I just took a couple lengths of bungie cord and made my own. About 5 feet for the paddle which is hooked to the yak and 2 feet for the poles, which are hooked to the seat. I don't like to much line hanging around; if you tip to much of a risk being wrapped up in it and doing an 'Ahab'.


----------



## Rockstar (Jun 23, 2004)

Seaair sports makes some pretty nice coiled leashes. I like the plastic coating, can't snag hooks in hooks with it and you don't have to worry about them rotting. If you're going to use anchors or leashes, make sure you have a SHARP safety knife on your PFD just incase you get tangled up in the leashes or have to get off a snagged/tangled anchor quick.


----------



## ccc6588 (Jun 20, 2003)

Leash for rod seems like a very good idea. I lost one rod and reel last year.
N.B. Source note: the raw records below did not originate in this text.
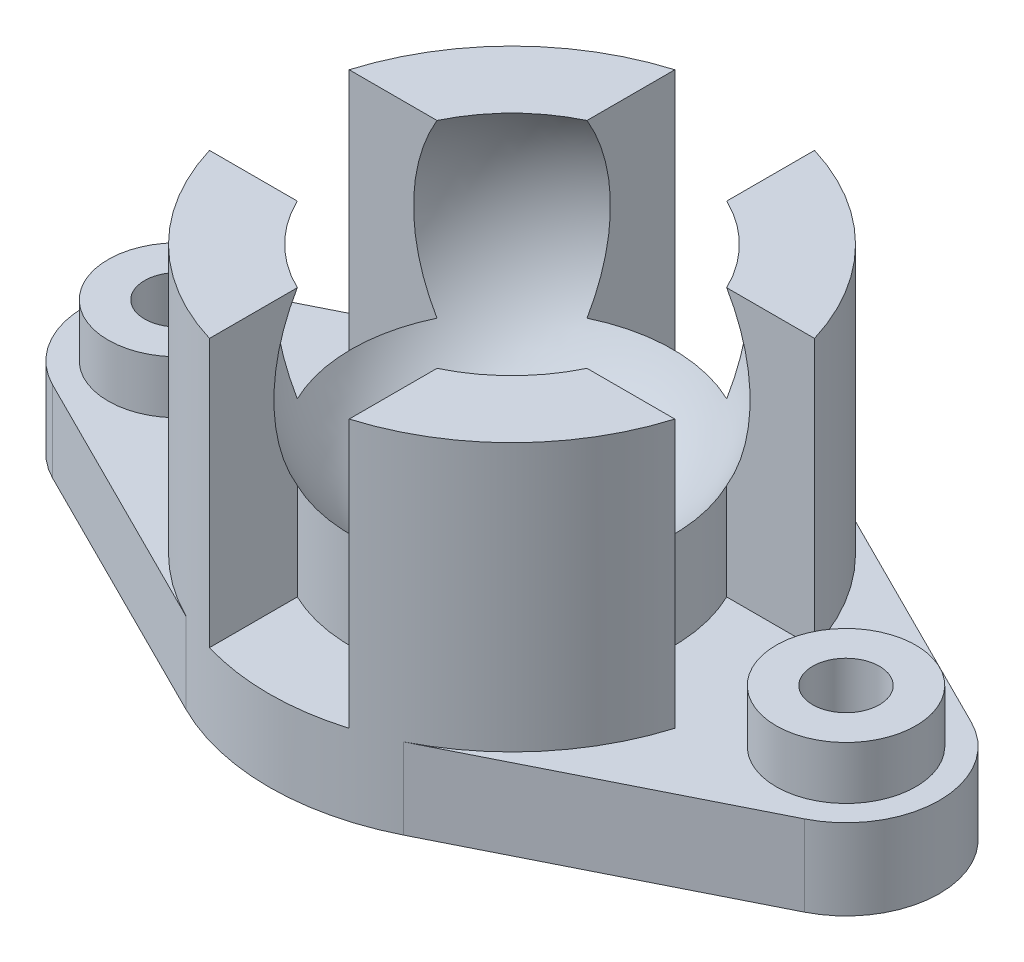
ISO-10303-21;
HEADER;
FILE_DESCRIPTION(('STEP AP214'),'2;1');
FILE_NAME('part.step','',(''),(''),'','','');
FILE_SCHEMA(('AUTOMOTIVE_DESIGN { 1 0 10303 214 1 1 1 1 }'));
ENDSEC;
DATA;
#1=APPLICATION_CONTEXT('core data for automotive mechanical design processes');
#2=APPLICATION_PROTOCOL_DEFINITION('international standard','automotive_design',2000,#1);
#3=PRODUCT_CONTEXT('',#1,'mechanical');
#4=PRODUCT('Part','Part','',(#3));
#5=PRODUCT_RELATED_PRODUCT_CATEGORY('part','',(#4));
#6=PRODUCT_DEFINITION_FORMATION('','',#4);
#7=PRODUCT_DEFINITION_CONTEXT('part definition',#1,'design');
#8=PRODUCT_DEFINITION('design','',#6,#7);
#9=PRODUCT_DEFINITION_SHAPE('','',#8);
#10=(LENGTH_UNIT() NAMED_UNIT(*) SI_UNIT(.MILLI.,.METRE.));
#11=(NAMED_UNIT(*) PLANE_ANGLE_UNIT() SI_UNIT($,.RADIAN.));
#12=(NAMED_UNIT(*) SI_UNIT($,.STERADIAN.) SOLID_ANGLE_UNIT());
#13=UNCERTAINTY_MEASURE_WITH_UNIT(LENGTH_MEASURE(1.E-05),#10,'distance_accuracy_value','');
#14=(GEOMETRIC_REPRESENTATION_CONTEXT(3) GLOBAL_UNCERTAINTY_ASSIGNED_CONTEXT((#13)) GLOBAL_UNIT_ASSIGNED_CONTEXT((#10,
#11,#12)) REPRESENTATION_CONTEXT('',''));
#15=CARTESIAN_POINT('',(0.,0.,0.));
#16=DIRECTION('',(0.,0.,1.));
#17=DIRECTION('',(1.,0.,0.));
#18=AXIS2_PLACEMENT_3D('',#15,#16,#17);
#19=CARTESIAN_POINT('',(0.,2.66,0.));
#20=DIRECTION('',(0.,-1.,0.));
#21=DIRECTION('',(0.,0.,-1.));
#22=AXIS2_PLACEMENT_3D('',#19,#20,#21);
#23=CYLINDRICAL_SURFACE('',#22,8.);
#24=DIRECTION('',(0.,1.,0.));
#25=VECTOR('',#24,1.);
#26=CARTESIAN_POINT('',(2.3,2.66,-7.66224510179621));
#27=LINE('',#26,#25);
#28=CARTESIAN_POINT('',(2.3,2.66,-7.66224510179621));
#29=VERTEX_POINT('',#28);
#30=CARTESIAN_POINT('',(2.3,11.48,-7.66224510179621));
#31=VERTEX_POINT('',#30);
#32=EDGE_CURVE('E231',#29,#31,#27,.T.);
#33=ORIENTED_EDGE('',*,*,#32,.T.);
#34=CARTESIAN_POINT('',(0.,11.48,0.));
#35=DIRECTION('',(0.,1.,0.));
#36=DIRECTION('',(0.,0.,1.));
#37=AXIS2_PLACEMENT_3D('',#34,#35,#36);
#38=CIRCLE('',#37,8.);
#39=CARTESIAN_POINT('',(7.66224510179621,11.48,-2.3));
#40=VERTEX_POINT('',#39);
#41=EDGE_CURVE('E388',#40,#31,#38,.T.);
#42=ORIENTED_EDGE('',*,*,#41,.F.);
#43=DIRECTION('',(0.,1.,0.));
#44=VECTOR('',#43,1.);
#45=CARTESIAN_POINT('',(7.66224510179621,2.66,-2.3));
#46=LINE('',#45,#44);
#47=CARTESIAN_POINT('',(7.66224510179621,2.66,-2.3));
#48=VERTEX_POINT('',#47);
#49=EDGE_CURVE('E311',#48,#40,#46,.T.);
#50=ORIENTED_EDGE('',*,*,#49,.F.);
#51=CARTESIAN_POINT('',(0.,2.66,0.));
#52=DIRECTION('',(0.,1.,0.));
#53=DIRECTION('',(0.,0.,1.));
#54=AXIS2_PLACEMENT_3D('',#51,#52,#53);
#55=CIRCLE('',#54,8.);
#56=CARTESIAN_POINT('',(3.58029256966229,2.66,-7.15412504193357));
#57=VERTEX_POINT('',#56);
#58=EDGE_CURVE('E390',#57,#48,#55,.F.);
#59=ORIENTED_EDGE('',*,*,#58,.F.);
#60=DIRECTION('',(0.,-1.,0.));
#61=VECTOR('',#60,1.);
#62=CARTESIAN_POINT('',(3.58029256966229,2.66,-7.15412504193357));
#63=LINE('',#62,#61);
#64=CARTESIAN_POINT('',(3.58029256966229,0.,-7.15412504193357));
#65=VERTEX_POINT('',#64);
#66=EDGE_CURVE('E464',#57,#65,#63,.T.);
#67=ORIENTED_EDGE('',*,*,#66,.T.);
#68=CARTESIAN_POINT('',(0.,0.,0.));
#69=DIRECTION('',(0.,1.,0.));
#70=DIRECTION('',(0.,0.,1.));
#71=AXIS2_PLACEMENT_3D('',#68,#69,#70);
#72=CIRCLE('',#71,8.);
#73=CARTESIAN_POINT('',(-3.58029256966229,0.,-7.15412504193357));
#74=VERTEX_POINT('',#73);
#75=EDGE_CURVE('E420',#65,#74,#72,.T.);
#76=ORIENTED_EDGE('',*,*,#75,.T.);
#77=DIRECTION('',(0.,-1.,0.));
#78=VECTOR('',#77,1.);
#79=CARTESIAN_POINT('',(-3.58029256966229,2.66,-7.15412504193357));
#80=LINE('',#79,#78);
#81=CARTESIAN_POINT('',(-3.58029256966229,2.66,-7.15412504193357));
#82=VERTEX_POINT('',#81);
#83=EDGE_CURVE('E437',#82,#74,#80,.T.);
#84=ORIENTED_EDGE('',*,*,#83,.F.);
#85=CARTESIAN_POINT('',(-7.66224510179621,2.66,-2.3));
#86=VERTEX_POINT('',#85);
#87=EDGE_CURVE('E394',#86,#82,#55,.F.);
#88=ORIENTED_EDGE('',*,*,#87,.F.);
#89=DIRECTION('',(0.,1.,0.));
#90=VECTOR('',#89,1.);
#91=CARTESIAN_POINT('',(-7.66224510179621,2.66,-2.3));
#92=LINE('',#91,#90);
#93=CARTESIAN_POINT('',(-7.66224510179621,11.48,-2.3));
#94=VERTEX_POINT('',#93);
#95=EDGE_CURVE('E373',#86,#94,#92,.T.);
#96=ORIENTED_EDGE('',*,*,#95,.T.);
#97=CARTESIAN_POINT('',(-2.3,11.48,-7.66224510179621));
#98=VERTEX_POINT('',#97);
#99=EDGE_CURVE('E579',#98,#94,#38,.T.);
#100=ORIENTED_EDGE('',*,*,#99,.F.);
#101=DIRECTION('',(0.,1.,0.));
#102=VECTOR('',#101,1.);
#103=CARTESIAN_POINT('',(-2.3,2.66,-7.66224510179621));
#104=LINE('',#103,#102);
#105=CARTESIAN_POINT('',(-2.3,2.66,-7.66224510179621));
#106=VERTEX_POINT('',#105);
#107=EDGE_CURVE('E244',#106,#98,#104,.T.);
#108=ORIENTED_EDGE('',*,*,#107,.F.);
#109=CARTESIAN_POINT('',(0.,2.66,0.));
#110=DIRECTION('',(0.,1.,0.));
#111=DIRECTION('',(0.,0.,1.));
#112=AXIS2_PLACEMENT_3D('',#109,#110,#111);
#113=CIRCLE('',#112,8.);
#114=EDGE_CURVE('E252',#29,#106,#113,.T.);
#115=ORIENTED_EDGE('',*,*,#114,.F.);
#116=EDGE_LOOP('',(#33,#42,#50,#59,#67,#76,#84,#88,#96,#100,#108,#115));
#117=FACE_BOUND('',#116,.T.);
#118=ADVANCED_FACE('F46',(#117),#23,.T.);
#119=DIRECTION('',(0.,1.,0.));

I guess if you have the Hobie Mirage Drive, a paddle leash is not as important. You can always peddle to retrieve the paddle.


----------



## Mark G (Nov 15, 2004)

ccc6588 said:


> Leash for rod seems like a very good idea. I lost one rod and reel last year.
> 
> I guess if you have the Hobie Mirage Drive, a paddle leash is not as important. You can always peddle to retrieve the paddle.



Isn't it the other way around? If you get dumped don't you have to worry about getting back to the yak ? If your not leashed to the yak, you'll have to swim to it, if you can. I don't use the leash going in or out of the surf, but after I get out aways. I guess Ric made a good point of only needing to keep the paddle from getting away while fishing, in which case your point about pedaling a hobie to a lost paddle seems valid.


----------



## ccc6588 (Jun 20, 2003)

Surf Cat said:


> Isn't it the other way around? If you get dumped don't you have to worry about getting back to the yak ? If your not leashed to the yak, you'll have to swim to it, if you can. I don't use the leash going in or out of the surf, but after I get out aways. I guess Ric made a good point of only needing to keep the paddle from getting away while fishing, in which case your point about pedaling a hobie to a lost paddle seems valid.


Are you suppose to strap yourself to the yak? I always thought a paddle leash was for the paddle. Having never used one, I'm not a 100% sure. The Hobie Outback is very stable and I never once felt I would get dumped, but if it is a good safety guideline to strap yourself to a yak, I'll look into it further. I sounds more dangerous to me....

Guide to homemade paddle leash.

http://www.outdooreyes.com/paddleleash.php3


----------



## wolfva (Nov 17, 2006)

You never know when something might cause you to dump; I always felt comfortable yaking rivers in my Caper. No waves so how could you possibly dump? Then I went to move a branch out of my face and saw the 2' water moccasin staring me in the eyes.... WELL. Whatdoyaknow! You don't need to be hit by a wave to turtle <LOL>.

That was also the day I learned you really should have a paddle float handy to get back in. Least shore wasn't that far away... Practice rescue drills, they can save your life.


----------